Having known this much, we can simply write an equation for the Normal Reaction force as follows:
$N=mg\cos\theta-R\bigg(\dfrac{d\theta}{dt}\bigg)^2$
$N=mg\cos\theta-R(f'(t))^2$. 
To find out the $\theta$, at which the ball leaves the surface, we will write $N=0$.
And that yields 
$\theta=\cos^{-1} \bigg(\dfrac{R(f'(t))^2}{mg}\bigg)$
Or, $f(t)=\cos^{-1} \bigg(\dfrac{R(f'(t))^2}{mg}\bigg)$
This is again an equation in $t$ and it can be solved. Note that it is not a differential equation. Becuase the function $f$ is known in the explicit terms of $t$ and thus the equation is just an equation in $t$. Solving it will give the value of time at which the ball leaves the sphere. Call that time $t=T_k$.
Thus, the angle at the time of leaving $\theta_k$$=$$f(T_k)$. 
A: @dvij gave the equation $$g\sin \theta =R\frac{d^2\theta}{dt^2}=R\frac{d\omega }{dt}$$
If we multiply this by omega, we obtain:
 $$g\sin \theta \frac{d\theta}{dt}=R\omega\frac{d\omega }{dt}$$
If we integrate this equation between 0 and t, we obtain:
$$g(1-\cos \theta)=\frac{R}{2}\omega^2$$
So we have $$mg\cos\theta-2mg(1-\cos \theta)=N=mg(3cos\theta-2)$$
I don't know whether this counts as an energy method or not.
A: As @dmckee said, you should use polar coordinates for this problem.

Equations of motion are below: ($\omega$ is angular velocity and $\alpha$ is angular acceleration)
$$mg\cos \theta-N=mR\omega^2\;\tag 1$$
$$mg\sin \theta=mR\alpha\;\tag 2$$
From $(2)$, we have $\alpha=\large{\frac gR}\sin \theta$
On the other hand, we know:
$$\alpha\mathrm d \theta=\omega\mathrm d\omega\;\tag3$$
So, you can find $\omega^2$ as a function of $\theta$.

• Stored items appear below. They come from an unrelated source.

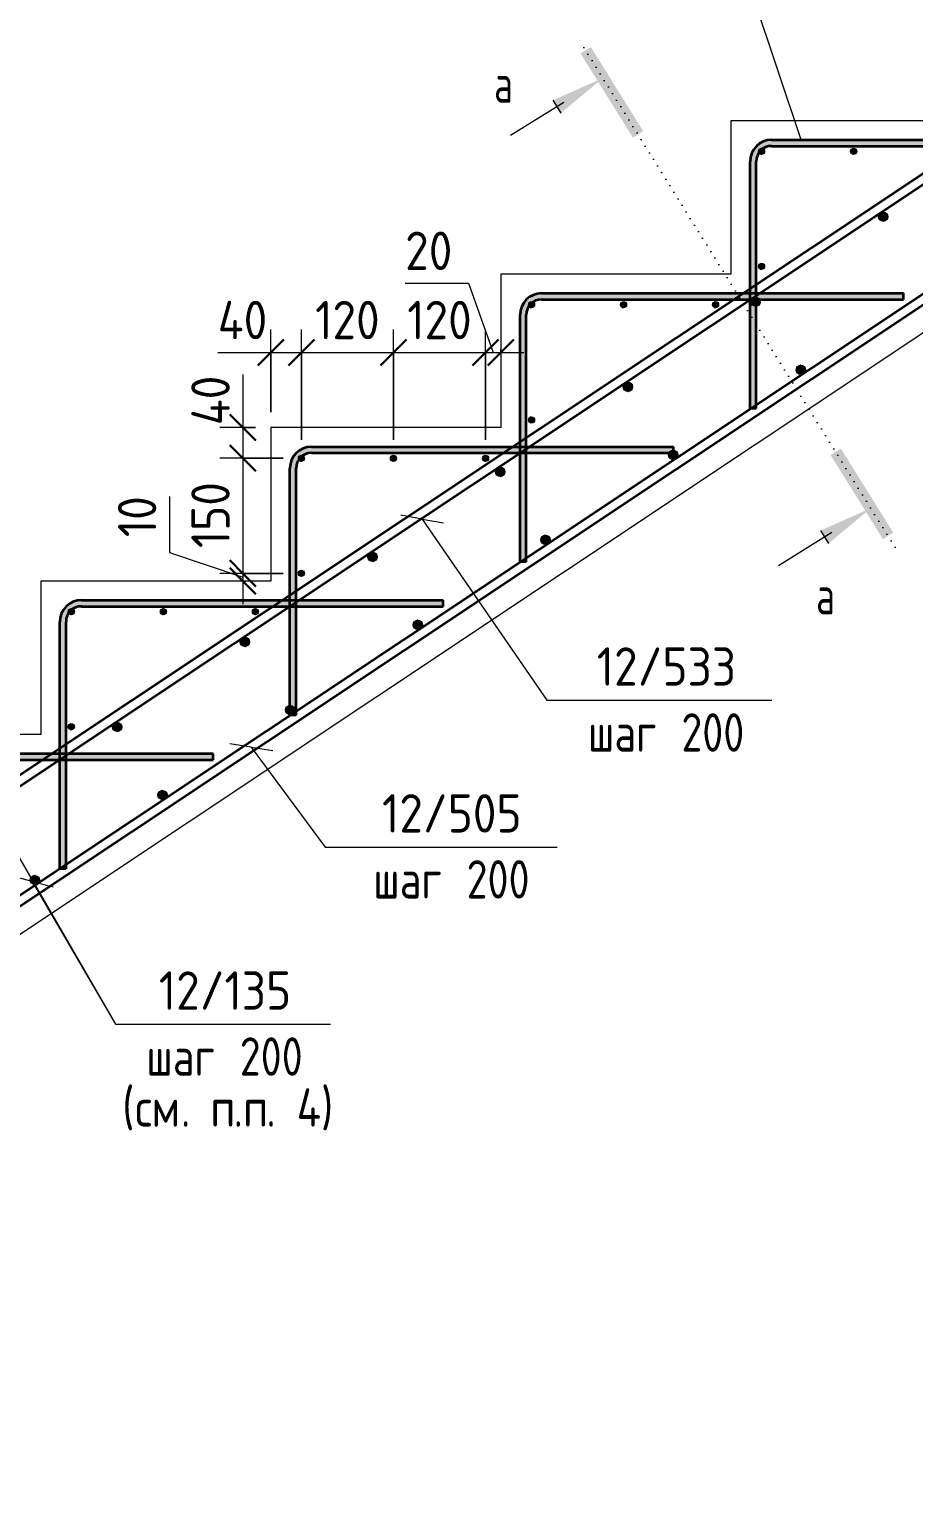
# Model space of a CAD drawing. Header units: millimetres. Extents: x -6516 to 17647, y -4389 to 6814.
# Drawn here: x -2305 to -1152, y -2362 to -451 of the extents above; entities that cross this region are included whole.
import ezdxf

# ---------------------------------------------------------------- set-up
doc = ezdxf.new("R2010")
doc.units = ezdxf.units.MM
doc.linetypes.add('04 Пунктир 10мм', pattern=[10, 0, -10])
for name, color, linetype, lineweight in [('AA_Dim', 7, 'Continuous', 9), ('AA_Dim-20', 7, 'Continuous', 9), ('AA_Razrez', 7, 'Continuous', 9), ('AA_Vinoska', 7, 'Continuous', 9), ('AF_Perekritie', 7, 'Continuous', 60), ('AF_Perekritie_Опалубка', 253, 'Continuous', 20), ('Gen_Text', 7, 'Continuous', 9), ('KR_Armatura', 7, 'Continuous', 20), ('KR_Armatura_Tonkie', 7, 'Continuous', 20)]:
    doc.layers.add(name, color=color, linetype=linetype, lineweight=lineweight)
doc.styles.add('ISOCPEUR_1', font='isocpeur.TTF', dxfattribs={"width": 0.9, "height": 50})
doc.styles.add('ISOCPEUR_2', font='isocpeur.TTF', dxfattribs={"width": 0.85, "height": 50})
doc.styles.add('ISOCPEUR_3', font='isocpeur.TTF', dxfattribs={"width": 0.8, "height": 50})
doc.styles.add('ISOCPEUR_4', font='isocpeur.TTF', dxfattribs={"width": 0.7, "height": 50})
doc.dimstyles.new('00_Точн_3_знака__прозр_', dxfattribs={"dimscale": 304.8, "dimtxt": 50.137748, "dimasz": 0.111549, "dimexe": 0.098425, "dimexo": 0.065617, "dimgap": 0.006562, "dimtad": 1, "dimdec": 3, "dimrnd": 0.001, "dimdsep": 46, "dimtxsty": 'ISOCPEUR_1', "dimblk1": 'OBLIQUE', "dimblk2": 'OBLIQUE', "dimsah": 1, "dimcen": 0.09, "dimdle": 0.098425, "dimazin": 0, "dimtfac": 1, "dimtdec": 4, "dimtix": 1, "dimtmove": 1, "dimatfit": 3, "dimfxl": 1, "dimtvp": 1, "dimtolj": 1, "dimtzin": 0, "dimlwd": 18, "dimlwe": 18, "dimarcsym": 2})
doc.dimstyles.new('00_Точн_3_знака__прозр__1', dxfattribs={"dimscale": 304.8, "dimtxt": 50.137748, "dimasz": 0.111549, "dimexe": 0.098425, "dimexo": 0.065617, "dimgap": 0.006562, "dimtad": 1, "dimdec": 3, "dimrnd": 0.001, "dimdsep": 46, "dimtxsty": 'ISOCPEUR_1', "dimblk1": 'OBLIQUE', "dimblk2": 'OBLIQUE', "dimsah": 1, "dimcen": 0.09, "dimdle": 0.098425, "dimazin": 0, "dimtfac": 1, "dimtdec": 4, "dimtix": 1, "dimtmove": 0, "dimatfit": 3, "dimfxl": 1, "dimtvp": 1, "dimtolj": 1, "dimtzin": 0, "dimlwd": 18, "dimlwe": 18, "dimarcsym": 2})

# ---------------------------------------------------------------- blocks, each defined once
blk = doc.blocks.new('Лестница - Лестница-3665978-КР_РЗ_Арм_1')
at = {"layer": 'AF_Perekritie', "lineweight": 20}
for p, q in [((-4390, -3010.3), (-490, -413.9)), ((-1090, -570), (-1390, -570)), ((-1390, -570), (-1390, -770)), ((-1390, -770), (-1690, -770)), ((-1690, -770), (-1690, -970)), ((-1690, -970), (-1990, -970)), ((-1990, -970), (-1990, -1170)), ((-1990, -1170), (-2290, -1170)), ((-2290, -1170), (-2290, -1370)), ((-2290, -1370), (-2590, -1370))]:
    blk.add_line(p, q, dxfattribs=at)
blk = doc.blocks.new('DIMBLOCK21-КР_РЗ_Арм_1')
at = {"layer": 'AA_Dim-20', "lineweight": 18}
for p, q in [((-1990, -950), (-1990, -842)), ((-1950, -986), (-1950, -842)), ((-2059.2, -872), (-1973, -872)), ((-2020, -872), (-1950, -872)), ((-1990, -872), (-1990, -950)), ((-1973, -872), (-1970, -872)), ((-1950, -872), (-1950, -986))]:
    blk.add_line(p, q, dxfattribs=at)
at = {"layer": 'AA_Dim-20', "lineweight": 30}
for p, q in [((-1990, -872), (-1973, -855)), ((-1950, -872), (-1933, -855)), ((-1990, -872), (-2007, -889)), ((-1950, -872), (-1967, -889))]:
    blk.add_line(p, q, dxfattribs=at)
at = {"layer": 'AA_Dim-20', "color": 0, "lineweight": 18, "insert": (-2059.2, -804.8), "char_height": 50, "width": 79.464, "attachment_point": 1, "line_spacing_factor": 1.135194, "style": 'ISOCPEUR_1'}
blk.add_mtext('40', dxfattribs=at)
blk = doc.blocks.new('_Oblique')
at = {"color": 0, "linetype": 'ByBlock', "lineweight": -2}
blk.add_line((-0.5, -0.5), (0.5, 0.5), dxfattribs=at)
blk = doc.blocks.new('DIMBLOCK22-КР_РЗ_Арм_1')
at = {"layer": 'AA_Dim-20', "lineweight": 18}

Then, you can use equation $(1)$ for determining the angle that block loses its contact with the sphere. Not that, at that angle, we have $N=0$
Once, you find $\cos\theta_f$ ($\theta_f$ is the angle that block loses its contact with the sphere) you can find The $h$ by this formula: $\cos \theta_f= \large{\frac{R-h}R}$